- _Data extracted from a collection_
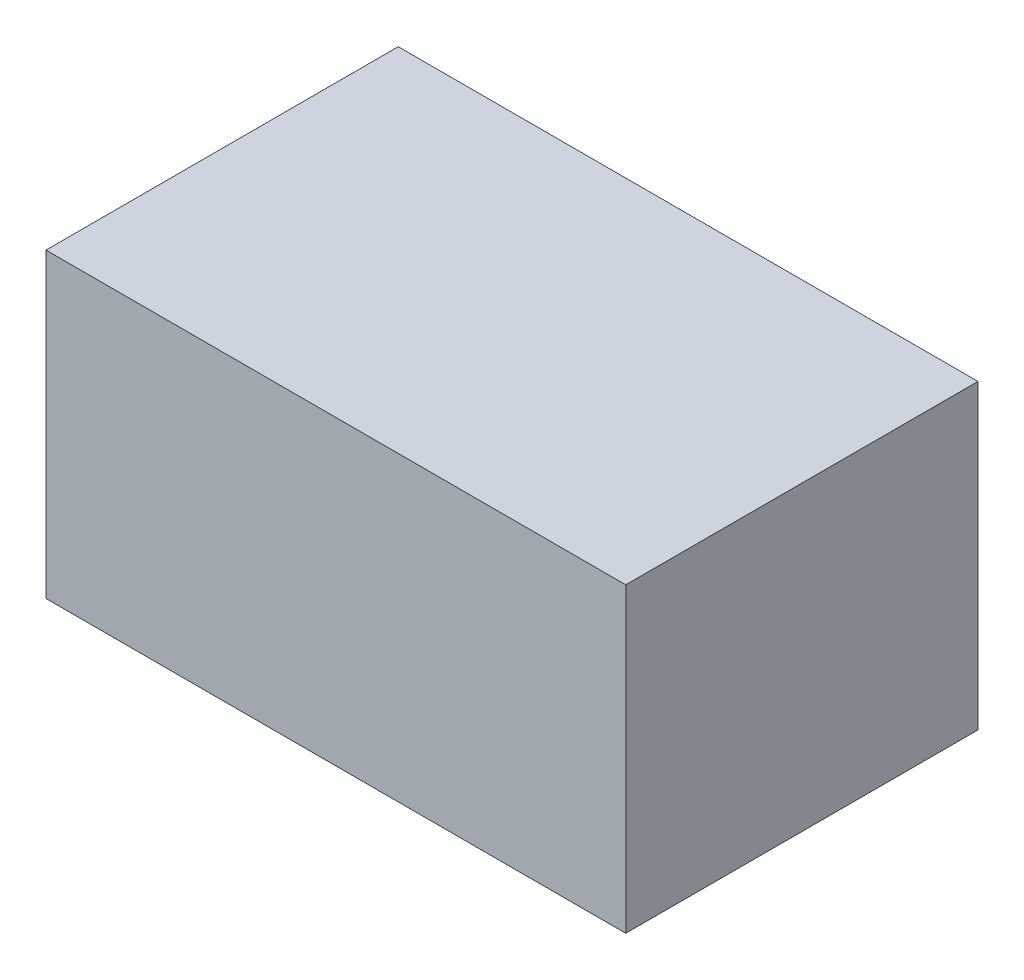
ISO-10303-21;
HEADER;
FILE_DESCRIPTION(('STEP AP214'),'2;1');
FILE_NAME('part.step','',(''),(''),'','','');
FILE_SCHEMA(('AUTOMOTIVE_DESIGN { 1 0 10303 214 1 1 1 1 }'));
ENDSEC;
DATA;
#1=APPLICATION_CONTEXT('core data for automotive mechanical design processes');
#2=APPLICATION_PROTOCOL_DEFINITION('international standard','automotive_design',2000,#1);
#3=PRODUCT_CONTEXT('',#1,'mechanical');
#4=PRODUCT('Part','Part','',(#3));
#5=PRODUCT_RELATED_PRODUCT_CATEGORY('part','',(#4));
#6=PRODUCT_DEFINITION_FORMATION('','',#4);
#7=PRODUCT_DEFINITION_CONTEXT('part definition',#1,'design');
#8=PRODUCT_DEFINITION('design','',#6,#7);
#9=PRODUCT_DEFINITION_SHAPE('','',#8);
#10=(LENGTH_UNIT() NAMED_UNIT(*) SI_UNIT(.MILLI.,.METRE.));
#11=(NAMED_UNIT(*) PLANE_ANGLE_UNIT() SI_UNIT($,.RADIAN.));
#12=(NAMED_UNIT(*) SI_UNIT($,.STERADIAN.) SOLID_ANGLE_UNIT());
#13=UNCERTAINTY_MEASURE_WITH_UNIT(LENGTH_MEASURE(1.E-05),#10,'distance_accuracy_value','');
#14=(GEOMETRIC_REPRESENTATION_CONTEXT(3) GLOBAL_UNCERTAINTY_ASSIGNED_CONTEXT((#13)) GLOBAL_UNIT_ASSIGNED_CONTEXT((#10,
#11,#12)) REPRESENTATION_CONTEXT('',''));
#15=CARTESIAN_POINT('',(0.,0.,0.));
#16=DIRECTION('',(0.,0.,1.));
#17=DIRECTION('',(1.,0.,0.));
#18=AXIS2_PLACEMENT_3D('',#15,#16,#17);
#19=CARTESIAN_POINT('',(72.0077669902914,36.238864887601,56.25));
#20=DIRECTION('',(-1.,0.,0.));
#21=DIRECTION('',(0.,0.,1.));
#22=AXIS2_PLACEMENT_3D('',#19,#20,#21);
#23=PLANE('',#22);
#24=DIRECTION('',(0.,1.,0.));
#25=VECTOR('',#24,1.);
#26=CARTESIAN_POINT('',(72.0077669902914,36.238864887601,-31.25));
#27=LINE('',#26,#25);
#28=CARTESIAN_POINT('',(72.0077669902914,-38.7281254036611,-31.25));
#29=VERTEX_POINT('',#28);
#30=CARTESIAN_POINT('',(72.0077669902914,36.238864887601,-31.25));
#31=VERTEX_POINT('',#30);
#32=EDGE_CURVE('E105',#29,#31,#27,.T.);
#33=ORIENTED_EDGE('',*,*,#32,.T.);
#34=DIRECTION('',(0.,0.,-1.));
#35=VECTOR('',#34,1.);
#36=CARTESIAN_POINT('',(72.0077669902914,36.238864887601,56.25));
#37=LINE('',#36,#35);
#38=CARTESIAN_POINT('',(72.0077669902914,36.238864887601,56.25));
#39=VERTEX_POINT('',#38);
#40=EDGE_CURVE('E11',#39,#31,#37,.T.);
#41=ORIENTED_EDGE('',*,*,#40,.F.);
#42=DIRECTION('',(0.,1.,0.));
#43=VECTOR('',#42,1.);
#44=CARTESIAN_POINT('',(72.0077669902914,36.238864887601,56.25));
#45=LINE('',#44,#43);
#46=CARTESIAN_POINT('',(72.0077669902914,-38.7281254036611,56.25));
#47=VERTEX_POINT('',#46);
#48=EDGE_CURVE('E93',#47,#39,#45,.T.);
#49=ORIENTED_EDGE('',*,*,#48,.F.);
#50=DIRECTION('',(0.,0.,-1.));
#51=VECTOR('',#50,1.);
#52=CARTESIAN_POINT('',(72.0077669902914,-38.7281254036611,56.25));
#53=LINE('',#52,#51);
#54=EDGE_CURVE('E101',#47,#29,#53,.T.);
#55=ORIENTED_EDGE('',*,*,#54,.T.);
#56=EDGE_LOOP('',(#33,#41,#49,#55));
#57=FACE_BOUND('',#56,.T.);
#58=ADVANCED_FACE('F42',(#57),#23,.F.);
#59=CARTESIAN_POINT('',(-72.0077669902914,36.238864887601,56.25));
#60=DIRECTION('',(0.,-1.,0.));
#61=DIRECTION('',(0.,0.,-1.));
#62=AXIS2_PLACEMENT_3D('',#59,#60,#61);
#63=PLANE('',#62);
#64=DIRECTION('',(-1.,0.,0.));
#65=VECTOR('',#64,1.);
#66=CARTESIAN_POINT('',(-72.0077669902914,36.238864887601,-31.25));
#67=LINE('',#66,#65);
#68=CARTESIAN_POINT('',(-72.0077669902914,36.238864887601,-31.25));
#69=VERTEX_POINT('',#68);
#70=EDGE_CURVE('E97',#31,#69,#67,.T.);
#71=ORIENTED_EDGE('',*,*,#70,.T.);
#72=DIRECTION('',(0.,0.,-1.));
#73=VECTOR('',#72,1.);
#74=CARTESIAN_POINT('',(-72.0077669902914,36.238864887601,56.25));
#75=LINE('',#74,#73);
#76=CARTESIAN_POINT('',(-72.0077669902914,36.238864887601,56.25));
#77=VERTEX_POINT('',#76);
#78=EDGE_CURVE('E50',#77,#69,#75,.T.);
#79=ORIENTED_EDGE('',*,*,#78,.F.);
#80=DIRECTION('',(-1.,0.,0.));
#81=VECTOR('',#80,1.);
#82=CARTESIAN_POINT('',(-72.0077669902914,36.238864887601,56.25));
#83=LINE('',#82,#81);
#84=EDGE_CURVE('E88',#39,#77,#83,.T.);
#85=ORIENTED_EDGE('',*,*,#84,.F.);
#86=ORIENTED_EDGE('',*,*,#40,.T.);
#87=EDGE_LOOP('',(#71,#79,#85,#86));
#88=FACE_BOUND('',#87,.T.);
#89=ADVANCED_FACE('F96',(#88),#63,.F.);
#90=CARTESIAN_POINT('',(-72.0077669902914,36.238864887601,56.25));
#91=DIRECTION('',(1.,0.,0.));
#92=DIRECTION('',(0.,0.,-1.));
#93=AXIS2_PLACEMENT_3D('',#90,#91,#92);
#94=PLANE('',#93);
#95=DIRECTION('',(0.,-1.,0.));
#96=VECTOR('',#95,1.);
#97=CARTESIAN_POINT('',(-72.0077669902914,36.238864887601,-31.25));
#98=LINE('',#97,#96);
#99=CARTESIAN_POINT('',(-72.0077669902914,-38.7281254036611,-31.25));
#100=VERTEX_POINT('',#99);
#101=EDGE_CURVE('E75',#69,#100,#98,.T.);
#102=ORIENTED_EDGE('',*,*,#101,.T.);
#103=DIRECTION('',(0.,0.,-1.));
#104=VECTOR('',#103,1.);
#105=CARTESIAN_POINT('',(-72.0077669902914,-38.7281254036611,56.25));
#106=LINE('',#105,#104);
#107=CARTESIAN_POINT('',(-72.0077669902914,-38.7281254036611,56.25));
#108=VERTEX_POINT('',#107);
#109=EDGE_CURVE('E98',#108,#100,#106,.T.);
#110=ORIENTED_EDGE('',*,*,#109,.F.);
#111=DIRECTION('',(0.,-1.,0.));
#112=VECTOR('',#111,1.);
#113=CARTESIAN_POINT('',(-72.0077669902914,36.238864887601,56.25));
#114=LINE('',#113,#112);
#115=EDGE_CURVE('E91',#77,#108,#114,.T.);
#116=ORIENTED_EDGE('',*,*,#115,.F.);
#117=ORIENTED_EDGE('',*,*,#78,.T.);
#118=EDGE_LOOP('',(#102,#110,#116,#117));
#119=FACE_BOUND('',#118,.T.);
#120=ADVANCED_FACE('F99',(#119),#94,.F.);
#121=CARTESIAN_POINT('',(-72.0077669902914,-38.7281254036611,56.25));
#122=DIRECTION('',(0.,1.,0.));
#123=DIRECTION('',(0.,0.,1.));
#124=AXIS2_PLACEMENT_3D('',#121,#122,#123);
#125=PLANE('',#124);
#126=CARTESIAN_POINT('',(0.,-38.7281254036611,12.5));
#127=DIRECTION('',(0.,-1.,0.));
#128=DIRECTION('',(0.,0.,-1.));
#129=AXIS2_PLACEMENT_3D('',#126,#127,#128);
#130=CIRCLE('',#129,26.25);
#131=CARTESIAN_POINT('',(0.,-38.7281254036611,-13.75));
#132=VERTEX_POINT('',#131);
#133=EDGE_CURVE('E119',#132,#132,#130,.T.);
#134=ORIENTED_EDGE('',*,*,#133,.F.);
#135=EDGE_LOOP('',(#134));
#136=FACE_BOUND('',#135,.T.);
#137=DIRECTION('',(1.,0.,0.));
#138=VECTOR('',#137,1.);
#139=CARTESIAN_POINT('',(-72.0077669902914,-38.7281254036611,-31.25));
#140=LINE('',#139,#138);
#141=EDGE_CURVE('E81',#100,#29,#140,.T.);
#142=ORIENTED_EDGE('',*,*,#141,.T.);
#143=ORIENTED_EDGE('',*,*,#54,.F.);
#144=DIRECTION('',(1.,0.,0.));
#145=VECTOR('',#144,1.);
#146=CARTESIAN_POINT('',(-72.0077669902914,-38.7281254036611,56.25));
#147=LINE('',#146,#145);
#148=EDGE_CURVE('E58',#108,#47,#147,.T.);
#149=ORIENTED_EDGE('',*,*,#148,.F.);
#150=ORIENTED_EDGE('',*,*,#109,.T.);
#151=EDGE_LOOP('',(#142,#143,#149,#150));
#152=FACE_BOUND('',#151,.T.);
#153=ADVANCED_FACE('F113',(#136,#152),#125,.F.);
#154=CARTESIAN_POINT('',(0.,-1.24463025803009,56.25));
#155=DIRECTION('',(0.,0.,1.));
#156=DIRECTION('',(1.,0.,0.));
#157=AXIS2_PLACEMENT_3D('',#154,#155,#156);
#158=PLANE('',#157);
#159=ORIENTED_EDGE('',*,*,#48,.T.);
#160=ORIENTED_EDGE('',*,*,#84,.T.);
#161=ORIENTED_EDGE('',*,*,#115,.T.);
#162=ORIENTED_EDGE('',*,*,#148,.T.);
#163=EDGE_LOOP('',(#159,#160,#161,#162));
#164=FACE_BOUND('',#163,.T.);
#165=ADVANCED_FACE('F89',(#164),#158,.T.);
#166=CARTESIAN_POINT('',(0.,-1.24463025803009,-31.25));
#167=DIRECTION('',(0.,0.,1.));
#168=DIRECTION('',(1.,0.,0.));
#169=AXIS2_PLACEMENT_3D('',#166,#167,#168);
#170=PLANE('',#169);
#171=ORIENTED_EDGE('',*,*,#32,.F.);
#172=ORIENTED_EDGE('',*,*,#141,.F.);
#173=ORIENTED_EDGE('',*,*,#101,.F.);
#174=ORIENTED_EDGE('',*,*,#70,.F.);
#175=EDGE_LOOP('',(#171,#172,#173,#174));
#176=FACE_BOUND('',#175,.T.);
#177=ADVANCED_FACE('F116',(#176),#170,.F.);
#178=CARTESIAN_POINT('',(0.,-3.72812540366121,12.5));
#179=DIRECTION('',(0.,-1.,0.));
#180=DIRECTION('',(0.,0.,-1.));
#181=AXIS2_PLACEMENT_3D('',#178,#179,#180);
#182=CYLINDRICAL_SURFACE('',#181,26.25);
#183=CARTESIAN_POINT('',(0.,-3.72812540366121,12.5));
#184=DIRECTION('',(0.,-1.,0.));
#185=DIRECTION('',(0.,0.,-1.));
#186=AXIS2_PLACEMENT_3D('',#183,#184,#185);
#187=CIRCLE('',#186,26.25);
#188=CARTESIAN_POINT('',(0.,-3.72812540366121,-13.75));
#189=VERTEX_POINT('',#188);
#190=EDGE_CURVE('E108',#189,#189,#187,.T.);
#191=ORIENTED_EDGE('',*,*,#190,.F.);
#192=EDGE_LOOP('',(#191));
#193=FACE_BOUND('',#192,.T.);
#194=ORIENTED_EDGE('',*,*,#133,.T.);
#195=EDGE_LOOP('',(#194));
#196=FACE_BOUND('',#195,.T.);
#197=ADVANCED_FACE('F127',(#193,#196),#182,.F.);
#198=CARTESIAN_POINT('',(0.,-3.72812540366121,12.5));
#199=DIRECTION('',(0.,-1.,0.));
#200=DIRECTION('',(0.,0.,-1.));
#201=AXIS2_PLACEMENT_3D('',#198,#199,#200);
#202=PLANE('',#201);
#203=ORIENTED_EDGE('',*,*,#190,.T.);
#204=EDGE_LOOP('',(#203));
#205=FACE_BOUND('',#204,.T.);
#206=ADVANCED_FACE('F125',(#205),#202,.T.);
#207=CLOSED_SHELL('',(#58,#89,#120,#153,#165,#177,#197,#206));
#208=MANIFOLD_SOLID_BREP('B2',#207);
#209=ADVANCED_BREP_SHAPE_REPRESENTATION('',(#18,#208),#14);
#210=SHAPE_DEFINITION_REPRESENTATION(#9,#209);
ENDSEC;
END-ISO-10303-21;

- _What you should do_
Please make an exact copy of the lines above from the line with "#178=CARTESIAN_POINT('',(0.,-3.72812540366121,12.5));" through the line with "#185=DIRECTION('',(0.,0.,-1.));", both ends included.

- _Output_
#178=CARTESIAN_POINT('',(0.,-3.72812540366121,12.5));
#179=DIRECTION('',(0.,-1.,0.));
#180=DIRECTION('',(0.,0.,-1.));
#181=AXIS2_PLACEMENT_3D('',#178,#179,#180);
#182=CYLINDRICAL_SURFACE('',#181,26.25);
#183=CARTESIAN_POINT('',(0.,-3.72812540366121,12.5));
#184=DIRECTION('',(0.,-1.,0.));
#185=DIRECTION('',(0.,0.,-1.));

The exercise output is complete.